The following year, he obtained his license and was offered transfer to
the air force. Bowing to the objections of the family of his
fiancée — the future novelist Louise Leveque de Vilmorin — he instead settled in Paris and
took an office job. The couple ultimately broke off the engagement,
however, and he worked at several jobs over the next few years without
success. By
1926, Saint-Exupéry was flying again. He became one of the
pioneers of international postal flight, in the days when aircraft had
few instruments. Later he complained that those who flew the more
advanced aircraft had become more like accountants than pilots. He
worked on the Aéropostale between Toulouse and Dakar, and became the airline stopover manager in Cape Juby airfield, in the Spanish zone of South Morocco, inside the Sahara desert. In 1929, Saint-Exupéry moved to Argentina, where he was appointed director of the Aeroposta Argentina Company. This period of his life is briefly explored in Wings of Courage, an IMAX film by French director Jean-Jacques Annaud.

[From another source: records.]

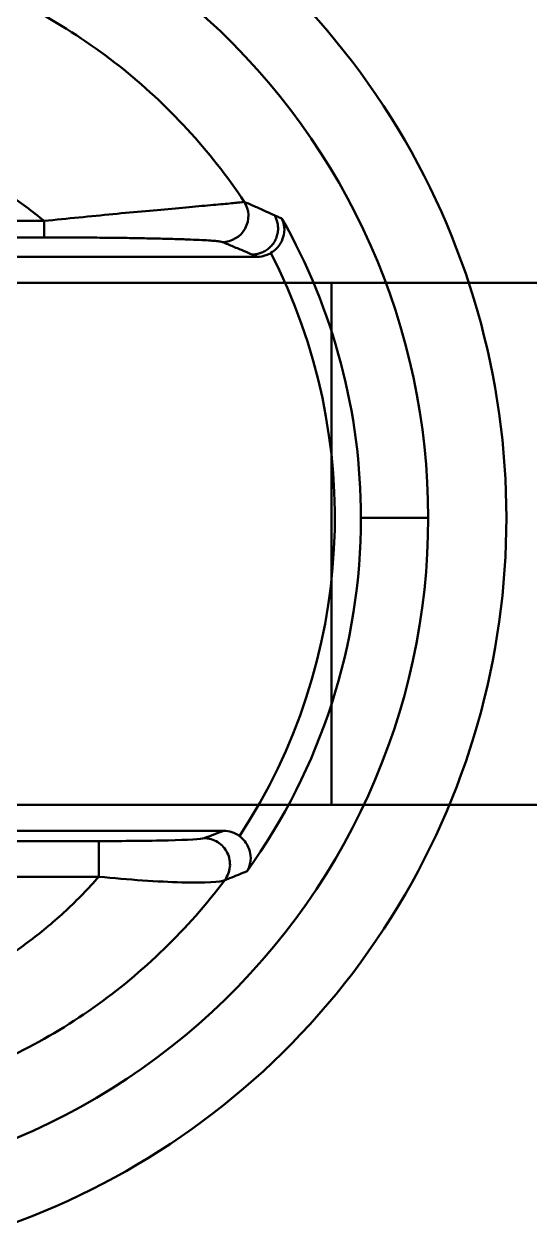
# Model space of a CAD drawing. Header units: millimetres. Extents: x -142 to 142, y -208 to 161.
# Drawn here: x -38.67 to -19.3, y 26.98 to 73.41 of the extents above; entities that cross this region are included whole.
import ezdxf

# ---------------------------------------------------------------- set-up
doc = ezdxf.new("R2010")
doc.units = ezdxf.units.MM
doc.layers.add('1', color=7, linetype='Continuous', true_color=0xffffff)

msp = doc.modelspace()

# ---------------------------------------------------------------- linework, layer by layer
at = {"layer": '1', "color": 251, "linetype": 'Continuous', "lineweight": 50}
for p, q in [((-37.905, 65.873, -90.134), (-57.443, 65.873, -90.134)), ((-37.905, 65.242, -89.239), (-57.443, 65.242, -89.239)), ((-29.742, 64.5, -68), (-56.701, 64.5, -68)), ((35, 63.5, -71), (-58, 63.5, -71)), ((-26.9, 63.5, -73), (-58, 63.5, -73)), ((-26.9, 63.5, -73), (-26.9, 43.5, -73)), ((-26.9, 63.5, -77.2), (-26.9, 43.5, -77.2)), ((-26.9, 63.5, -77.2), (35, 63.5, -77.2)), ((-25.773, 54.5, -67.052), (-23.194, 54.5, -17.843)), ((-26.9, 43.5, -73), (-58, 43.5, -73)), ((35, 43.5, -71), (-58, 43.5, -71)), ((-26.9, 43.5, -77.2), (35, 43.5, -77.2)), ((-57.001, 42.5, -68), (-31.032, 42.5, -68)), ((-57.395, 42.106, -79.288), (-35.815, 42.106, -79.288)), ((-60.394, 40.738, -80.183), (-35.815, 40.738, -80.183))]:
    msp.add_line(p, q, dxfattribs=at)
for centre, radius, start, end in [((-49, 54.5, -15), 28.802, 262.4562, 95.5438), ((-49, 54.5, -67.052), 23.227, 0, 29.5594), ((-49, 54.5, -67.052), 23.227, 324.3169, 0)]:
    msp.add_arc(centre, radius, start, end, dxfattribs=at)
at = {"layer": '1', "color": 251, "linetype": 'Continuous', "lineweight": 50, "extrusion": (0, 0, -1)}
for centre, radius, start, end in [((49, 54.5, 17.843), 25.806, 84.4562, 180), ((49, 54.5, 68), 22.228, 152.8439, 213.3056), ((49, 54.5, 17.843), 25.806, 180, 277.5438)]:
    msp.add_arc(centre, radius, start, end, dxfattribs=at)
at = {"layer": '1', "color": 251, "linetype": 'Continuous', "lineweight": 50, "extrusion": (-0.08456, 0.034774, -0.995811)}
msp.add_arc((-49.28, 45.949, 88.758), 1, 214.9184, 337.5609, dxfattribs=at)
at = {"layer": '1', "color": 251, "linetype": 'Continuous', "lineweight": 50, "extrusion": (-1, 0, 0)}
for centre, start, end in [((-66.241, -89.204, 37.905), 291.6, 358), ((-41.106, -79.253, 35.815), 182, 291.6)]:
    msp.add_arc(centre, 1, start, end, dxfattribs=at)
at = {"layer": '1', "color": 251, "linetype": 'Continuous', "lineweight": 50, "extrusion": (0, -1, 0)}
for centre in [(-26.9, -75.1, -63.5), (-26.9, -75.1, -43.5)]:
    msp.add_arc(centre, 2.1, 90, 270, dxfattribs=at)
at = {"layer": '1', "color": 251, "linetype": 'Continuous', "lineweight": 50}
for points, knots in [([(-30.242, 66.607, -84.237), (-30.893, 67.587, -84.537), (-32.354, 69.45, -85.108), (-35.845, 72.696, -86.102), (-41.15, 75.68, -87.013), (-47.189, 76.814, -87.359), (-52.053, 76.556, -87.281), (-55.617, 75.777, -87.043), (-58.991, 74.435, -86.633), (-63.119, 71.966, -85.878), (-67.419, 67.759, -84.591), (-70.679, 61.449, -82.655), (-71.484, 56.82, -81.23), (-71.521, 54.5, -80.515)], [0, 0, 0, 0, 0.0625, 0.125, 0.25, 0.375, 0.4375, 0.5, 0.5625, 0.625, 0.75, 0.875, 1, 1, 1, 1]), ([(-30.242, 66.607, -84.237), (-30.265, 66.6, -84.683), (-30.437, 66.578, -85.564), (-31.011, 66.523, -86.784), (-31.836, 66.449, -87.841), (-33.194, 66.328, -89.008), (-35.232, 66.142, -89.961), (-37.02, 65.965, -90.171), (-37.905, 65.873, -90.134)], [0, 0, 0, 0, 0.125, 0.25, 0.375, 0.5, 0.75, 1, 1, 1, 1]), ([(-29.08, 66.089, -70.508), (-29.182, 66.135, -71.744), (-29.427, 66.247, -74.697), (-29.815, 66.42, -79.289), (-30.1, 66.545, -82.601), (-30.242, 66.607, -84.237)], [0, 0, 0, 0, 0.261733, 0.630867, 1, 1, 1, 1]), ([(-28.796, 65.958, -67.052), (-28.796, 65.957, -67.054), (-28.795, 65.956, -67.055), (-28.76, 65.884, -67.138), (-28.735, 65.809, -67.22), (-28.696, 65.608, -67.421), (-28.695, 65.474, -67.541), (-28.747, 65.235, -67.727), (-28.787, 65.129, -67.802), (-28.889, 64.955, -67.903), (-28.942, 64.884, -67.938), (-29.067, 64.754, -67.986), (-29.142, 64.694, -68), (-29.222, 64.645, -68)], [0, 0, 0, 0, 0.003545, 0.003545, 0.187616, 0.187616, 0.475749, 0.475749, 0.693494, 0.693494, 0.84605, 0.84605, 1, 1, 1, 1]), ([(-28.796, 65.958, -67.052), (-28.845, 65.981, -67.654), (-28.895, 66.004, -68.256), (-28.989, 66.047, -69.408), (-29.035, 66.068, -69.958), (-29.08, 66.089, -70.508)], [0, 0, 0, 0, 0.522256, 0.522256, 1, 1, 1, 1]), ([(-29.742, 64.5, -68), (-29.63, 64.5, -68), (-29.516, 64.519, -68), (-29.345, 64.579, -68), (-29.282, 64.609, -68), (-29.222, 64.645, -68)], [0, 0, 0, 0, 0.620203, 0.620203, 1, 1, 1, 1]), ([(-71.521, 54.5, -80.515), (-71.558, 52.202, -79.807), (-70.917, 47.598, -78.386), (-67.928, 41.247, -76.421), (-63.856, 36.922, -75.08), (-59.887, 34.306, -74.268), (-56.616, 32.829, -73.808), (-53.131, 31.892, -73.517), (-48.334, 31.4, -73.364), (-42.3, 32.214, -73.617), (-36.884, 34.885, -74.448), (-33.245, 37.908, -75.385), (-31.693, 39.671, -75.932), (-30.992, 40.604, -76.221)], [0, 0, 0, 0, 0.125, 0.25, 0.375, 0.4375, 0.5, 0.5625, 0.625, 0.75, 0.875, 0.9375, 1, 1, 1, 1]), ([(-30.423, 42.294, -68), (-30.512, 42.363, -68), (-30.614, 42.416, -68), (-30.821, 42.483, -68), (-30.927, 42.5, -68), (-31.032, 42.5, -68)], [0, 0, 0, 0, 0.517326, 0.517326, 1, 1, 1, 1]), ([(-30.134, 40.952, -67.052), (-30.133, 40.953, -67.054), (-30.132, 40.954, -67.055), (-30.091, 41.02, -67.138), (-30.058, 41.091, -67.219), (-29.999, 41.285, -67.42), (-29.985, 41.416, -67.54), (-30.011, 41.657, -67.726), (-30.04, 41.767, -67.8), (-30.123, 41.951, -67.902), (-30.169, 42.027, -67.937), (-30.28, 42.17, -67.986), (-30.348, 42.237, -68), (-30.423, 42.294, -68)], [0, 0, 0, 0, 0.003558, 0.003558, 0.186213, 0.186213, 0.473533, 0.473533, 0.691667, 0.691667, 0.845143, 0.845143, 1, 1, 1, 1]), ([(-30.992, 40.604, -76.221), (-30.929, 40.629, -75.558), (-30.866, 40.654, -74.895), (-30.576, 40.77, -71.839), (-30.353, 40.861, -69.446), (-30.134, 40.952, -67.052)], [0, 0, 0, 0, 0.217023, 0.217023, 1, 1, 1, 1]), ([(-35.815, 40.738, -80.183), (-34.677, 40.626, -80.138), (-33.538, 40.549, -79.799), (-31.74, 40.5, -78.413), (-31.123, 40.531, -77.359), (-30.992, 40.604, -76.221)], [0, 0, 0, 0, 0.5, 0.5, 1, 1, 1, 1])]:
    msp.add_open_spline(points, degree=3, knots=knots, dxfattribs=at)
at = {"layer": '1', "color": 251, "linetype": 'Continuous', "lineweight": 50, "extrusion": (2.74011e-13, 0.368125, 0.929776)}
msp.add_open_spline([(-37.905, 65.873, -90.134), (-38.358, 66.243, -90.281), (-39.293, 66.933, -90.554), (-40.793, 67.824, -90.907), (-42.367, 68.558, -91.197), (-44.001, 69.133, -91.425), (-45.678, 69.542, -91.587), (-47.385, 69.785, -91.683), (-49.105, 69.859, -91.712), (-50.826, 69.764, -91.675), (-52.532, 69.5, -91.57), (-54.21, 69.069, -91.399), (-55.846, 68.47, -91.163), (-57.425, 67.707, -90.86), (-58.931, 66.783, -90.494), (-60.348, 65.702, -90.066), (-61.66, 64.471, -89.579), (-62.849, 63.1, -89.036), (-63.898, 61.6, -88.442), (-64.793, 59.984, -87.803), (-65.515, 58.279, -87.128), (-66.062, 56.474, -86.413), (-66.417, 54.586, -85.665), (-66.515, 53.307, -85.159), (-66.528, 52.659, -84.903)], degree=3, dxfattribs=at)
at = {"layer": '1', "color": 251, "linetype": 'Continuous', "lineweight": 50, "extrusion": (-0.080634, 0.034786, -0.996137)}
msp.add_rational_spline([(-29.08, 66.089, -70.508), (-28.646, 65.335, -70.57), (-29.086, 64.589, -70.56), (-29.943, 64.587, -70.491)], [1.31595766217, 0.883166503938, 0.894995485688, 1.35144460742], degree=3, dxfattribs=at)
at = {"layer": '1', "color": 251, "linetype": 'Continuous', "lineweight": 50, "extrusion": (2.16393e-12, 0.999391, 0.034899)}
msp.add_open_spline([(-31.081, 65.066, -84.219), (-31.096, 65.073, -84.402), (-31.154, 65.086, -84.773), (-31.328, 65.106, -85.348), (-31.595, 65.126, -85.928), (-31.955, 65.146, -86.497), (-32.411, 65.165, -87.048), (-32.964, 65.183, -87.566), (-33.605, 65.2, -88.036), (-34.333, 65.214, -88.447), (-35.121, 65.226, -88.779), (-35.989, 65.235, -89.037), (-36.932, 65.24, -89.201), (-37.576, 65.242, -89.239), (-37.905, 65.242, -89.239)], degree=3, dxfattribs=at)
at = {"layer": '1', "color": 251, "linetype": 'Continuous', "lineweight": 50, "extrusion": (8.32601e-10, 0.999391, 0.034899)}
msp.add_open_spline([(-29.943, 64.587, -70.491), (-30.043, 64.63, -71.726), (-30.284, 64.733, -74.68), (-30.663, 64.894, -79.272), (-30.942, 65.009, -82.583), (-31.081, 65.066, -84.219)], degree=3, knots=[0, 0, 0, 0, 0.261733, 0.630867, 1, 1, 1, 1], dxfattribs=at)
at = {"layer": '1', "color": 251, "linetype": 'Continuous', "lineweight": 50, "extrusion": (-8.23877e-12, 0.999391, 0.034899)}
msp.add_open_spline([(-29.943, 64.587, -70.491), (-29.899, 64.568, -69.94), (-29.854, 64.549, -69.39), (-29.787, 64.52, -68.56), (-29.765, 64.51, -68.28), (-29.742, 64.5, -68)], degree=3, knots=[0, 0, 0, 0, 0.662846, 0.662846, 1, 1, 1, 1], dxfattribs=at)
at = {"layer": '1', "color": 251, "linetype": 'Continuous', "lineweight": 50, "extrusion": (-1.99327e-13, -0.368125, -0.929776)}
msp.add_open_spline([(-66.528, 52.659, -84.903), (-66.541, 52.034, -84.655), (-66.5, 50.794, -84.164), (-66.244, 48.956, -83.436), (-65.797, 47.162, -82.726), (-65.168, 45.432, -82.041), (-64.366, 43.787, -81.39), (-63.404, 42.244, -80.779), (-62.296, 40.818, -80.214), (-61.056, 39.523, -79.701), (-59.701, 38.368, -79.244), (-58.246, 37.362, -78.846), (-56.706, 36.512, -78.509), (-55.096, 35.823, -78.237), (-53.431, 35.3, -78.029), (-51.726, 34.944, -77.889), (-49.995, 34.759, -77.815), (-48.252, 34.747, -77.811), (-46.513, 34.908, -77.874), (-44.792, 35.242, -78.007), (-43.107, 35.749, -78.207), (-41.472, 36.426, -78.475), (-39.906, 37.268, -78.809), (-38.426, 38.27, -79.205), (-37.049, 39.424, -79.662), (-36.213, 40.284, -80.003), (-35.815, 40.738, -80.183)], degree=3, dxfattribs=at)
at = {"layer": '1', "color": 251, "linetype": 'Continuous', "lineweight": 50, "extrusion": (5.3973e-13, 0.999391, -0.034899)}
msp.add_open_spline([(-31.032, 42.5, -68), (-31.278, 42.404, -70.735), (-31.528, 42.309, -73.47), (-31.783, 42.214, -76.204)], degree=3, dxfattribs=at)
at = {"layer": '1', "color": 251, "linetype": 'Continuous', "lineweight": 50, "extrusion": (3.11078e-15, 0.999391, -0.034899)}
msp.add_open_spline([(-31.783, 42.214, -76.204), (-31.87, 42.181, -77.142), (-32.395, 42.151, -78.006), (-33.925, 42.113, -79.071), (-34.876, 42.106, -79.288), (-35.815, 42.106, -79.288)], degree=3, knots=[0, 0, 0, 0, 0.5, 0.5, 1, 1, 1, 1], dxfattribs=at)
at = {"layer": '1', "color": 251, "linetype": 'Continuous', "lineweight": 50, "extrusion": (-0.092686, -0.034749, -0.995089)}
msp.add_open_spline([(-31.783, 42.214, -76.204), (-31.598, 42.213, -76.221), (-31.229, 42.106, -76.252), (-30.843, 41.677, -76.273), (-30.739, 41.108, -76.262), (-30.88, 40.751, -76.237), (-30.992, 40.604, -76.221)], degree=3, dxfattribs=at)

doc.saveas('drawing.dxf')
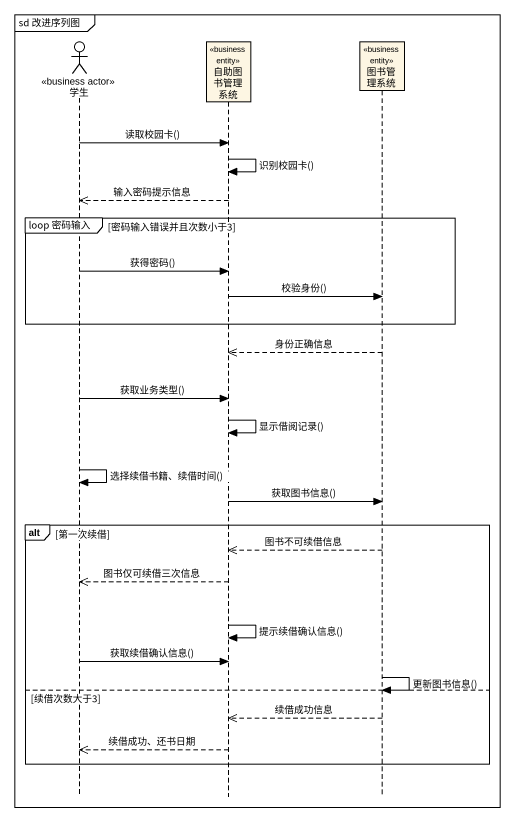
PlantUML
@startuml
mainframe sd 改进序列图
hide footbox
actor 学生 <<business actor>>
participant 自助图书管理系统 <<business entity>>
participant 图书管理系统 <<business entity>>

学生 -> 自助图书管理系统 : 读取校园卡()
自助图书管理系统 -> 自助图书管理系统 : 识别校园卡()
自助图书管理系统 -->> 学生 : 输入密码提示信息
group loop 密码输入 [密码输入错误并且次数小于3]
  学生 -> 自助图书管理系统 : 获得密码()
  自助图书管理系统 -> 图书管理系统 : 校验身份()
end
图书管理系统 -->> 自助图书管理系统 : 身份正确信息
学生 -> 自助图书管理系统 : 获取业务类型()
自助图书管理系统 -> 自助图书管理系统 : 显示借阅记录()
学生 -> 学生 : 选择续借书籍、续借时间()
自助图书管理系统 -> 图书管理系统 : 获取图书信息()
alt 第一次续借
  图书管理系统 -->> 自助图书管理系统 : 图书不可续借信息
  自助图书管理系统 -->> 学生 : 图书仅可续借三次信息
  自助图书管理系统 -> 自助图书管理系统 : 提示续借确认信息()
  学生 -> 自助图书管理系统 : 获取续借确认信息()
  图书管理系统 -> 图书管理系统 : 更新图书信息()
else 续借次数大于3
  图书管理系统 -->> 自助图书管理系统 : 续借成功信息
  自助图书管理系统 -->> 学生 : 续借成功、还书日期
end
@enduml

Saint-Exupéry's first story, "L'Aviateur" ("The Aviator"), was published in the magazine Le Navire d'Argent. In 1929, he published his first book, Courrier Sud (Southern Mail); his career as aviator was also burgeoning, and that same year he flew the Casablanca - Dakar route.
In 1931, Vol de Nuit (Night Flight) — the first of his major works and winner of the Prix Femina — was published and made his name. It covers his experiences with the Aéropostale. That same year, at Grasse, Saint-Exupéry married Consuelo Suncin (née Suncín Sandoval),
a widowed Salvadoran writer and artist. It would be a stormy union, as
Saint-Exupéry traveled frequently and indulged in numerous
affairs, most notably with the Frenchwoman Hélène (Nelly)
de Vogüé. De Vogüé became
Saint-Exupéry's literary executrix after his death, and also
wrote a Saint-Exupéry biography under the pseudonym Pierre
Chevrier.
On
30 December 1935 at 14:45 after a flight of 19 hours and 38 minutes
Saint-Exupéry, along with his navigator, André
Prévot, crashed in the Libyan Sahara desert en route to Saigon. Their plane was a Caudron C-630 Simoun n°7042 (Registration F-ANRY). The crash site may be the Wadi Natrun. The team was attempting to fly from Paris to Saigon faster than any previous aviators, for a prize of 150,000 francs.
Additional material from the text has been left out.